[Problem statement] In your copy, each line below is repeated exactly and no image appears.

[Data provided]
··········

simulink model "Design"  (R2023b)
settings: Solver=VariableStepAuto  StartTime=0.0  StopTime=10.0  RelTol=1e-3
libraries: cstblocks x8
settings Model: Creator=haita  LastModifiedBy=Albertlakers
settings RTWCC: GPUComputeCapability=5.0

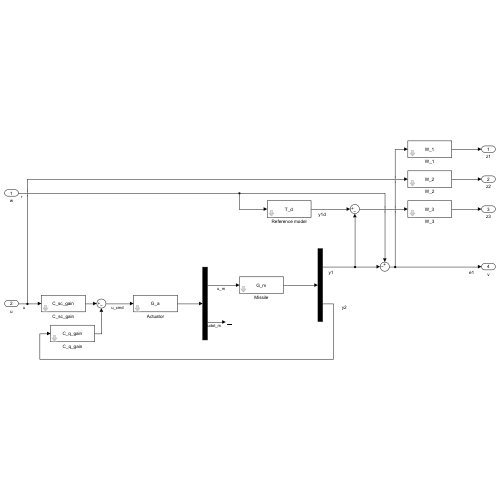
[thumbnail: Simulink's stored preview of the top-level diagram]
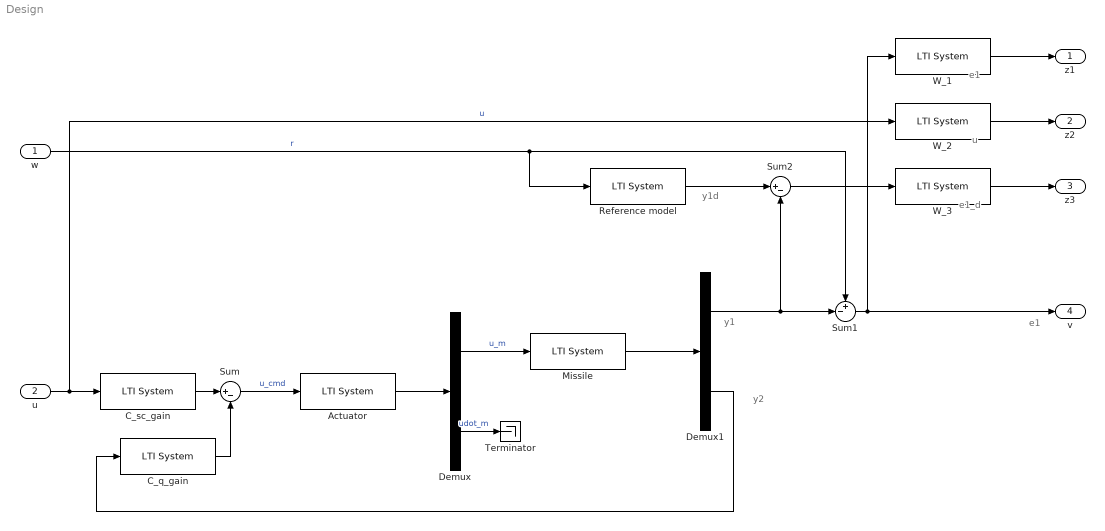
== system Design ==
  note: e1
  note: y2
  note: e1
  note: u
  note: e1_d
  note: y1
  note: y1d
  w : Inport
  u : Inport  Port=2
  Actuator : cstblocks/LTI System  sys=G_a  IC=[]  PadeOrder=0
  C_q_gain : cstblocks/LTI System  sys=C_q_gain  IC=[]  PadeOrder=0
  C_sc_gain : cstblocks/LTI System  sys=C_sc_gain  IC=[]  PadeOrder=0
  Demux : Demux  Outputs=2
  Demux1 : Demux  Outputs=2
  Missile : cstblocks/LTI System  sys=G_m  IC=[]  PadeOrder=0
  Reference model : cstblocks/LTI System  sys=T_d  IC=[]  PadeOrder=0
  Sum : Sum  Inputs=|+-
  Sum1 : Sum  Inputs=+-|
  Sum2 : Sum  Inputs=|+-
  Terminator : Terminator
  W_1 : cstblocks/LTI System  sys=W_1  IC=[]  PadeOrder=0
  W_2 : cstblocks/LTI System  sys=W_2  IC=[]  PadeOrder=0
  W_3 : cstblocks/LTI System  sys=W_3  IC=[]  PadeOrder=0
  z1 : Outport
  z2 : Outport  Port=2
  z3 : Outport  Port=3
  v : Outport  Port=4
  wires:
  Demux/1 -> Missile/1  "u_m"
  Demux/2 -> Terminator/1  "udot_m"
  Actuator/1 -> Demux/1
  u/1 -> W_2/1, C_sc_gain/1  "u"
  Demux1/2 -> C_q_gain/1
  Missile/1 -> Demux1/1
  C_q_gain/1 -> Sum/2
  Sum/1 -> Actuator/1  "u_cmd"
  C_sc_gain/1 -> Sum/1
  W_1/1 -> z1/1
  W_2/1 -> z2/1
  Demux1/1 -> Sum2/2, Sum1/2
  Sum1/1 -> W_1/1, v/1
  Reference model/1 -> Sum2/1
  Sum2/1 -> W_3/1
  w/1 -> Reference model/1, Sum1/1  "r"
  W_3/1 -> z3/1

··········

[Task solution]
simulink model "Design"  (R2023b)
settings: Solver=VariableStepAuto  StartTime=0.0  StopTime=10.0  RelTol=1e-3
libraries: cstblocks x8
settings Model: Creator=haita  LastModifiedBy=Albertlakers
settings RTWCC: GPUComputeCapability=5.0

[thumbnail: Simulink's stored preview of the top-level diagram]
== system Design ==
  note: e1
  note: y2
  note: e1
  note: u
  note: e1_d
  note: y1
  note: y1d
  w : Inport
  u : Inport  Port=2
  Actuator : cstblocks/LTI System  sys=G_a  IC=[]  PadeOrder=0
  C_q_gain : cstblocks/LTI System  sys=C_q_gain  IC=[]  PadeOrder=0
  C_sc_gain : cstblocks/LTI System  sys=C_sc_gain  IC=[]  PadeOrder=0
  Demux : Demux  Outputs=2
  Demux1 : Demux  Outputs=2
  Missile : cstblocks/LTI System  sys=G_m  IC=[]  PadeOrder=0
  Reference model : cstblocks/LTI System  sys=T_d  IC=[]  PadeOrder=0
  Sum : Sum  Inputs=|+-
  Sum1 : Sum  Inputs=+-|
  Sum2 : Sum  Inputs=|+-
  Terminator : Terminator
  W_1 : cstblocks/LTI System  sys=W_1  IC=[]  PadeOrder=0
  W_2 : cstblocks/LTI System  sys=W_2  IC=[]  PadeOrder=0
  W_3 : cstblocks/LTI System  sys=W_3  IC=[]  PadeOrder=0
  z1 : Outport
  z2 : Outport  Port=2
  z3 : Outport  Port=3
  v : Outport  Port=4
  wires:
  Demux/1 -> Missile/1  "u_m"
  Demux/2 -> Terminator/1  "udot_m"
  Actuator/1 -> Demux/1
  u/1 -> W_2/1, C_sc_gain/1  "u"
  Demux1/2 -> C_q_gain/1
  Missile/1 -> Demux1/1
  C_q_gain/1 -> Sum/2
  Sum/1 -> Actuator/1  "u_cmd"
  C_sc_gain/1 -> Sum/1
  W_1/1 -> z1/1
  W_2/1 -> z2/1
  Demux1/1 -> Sum2/2, Sum1/2
  Sum1/1 -> W_1/1, v/1
  Reference model/1 -> Sum2/1
  Sum2/1 -> W_3/1
  w/1 -> Reference model/1, Sum1/1  "r"
  W_3/1 -> z3/1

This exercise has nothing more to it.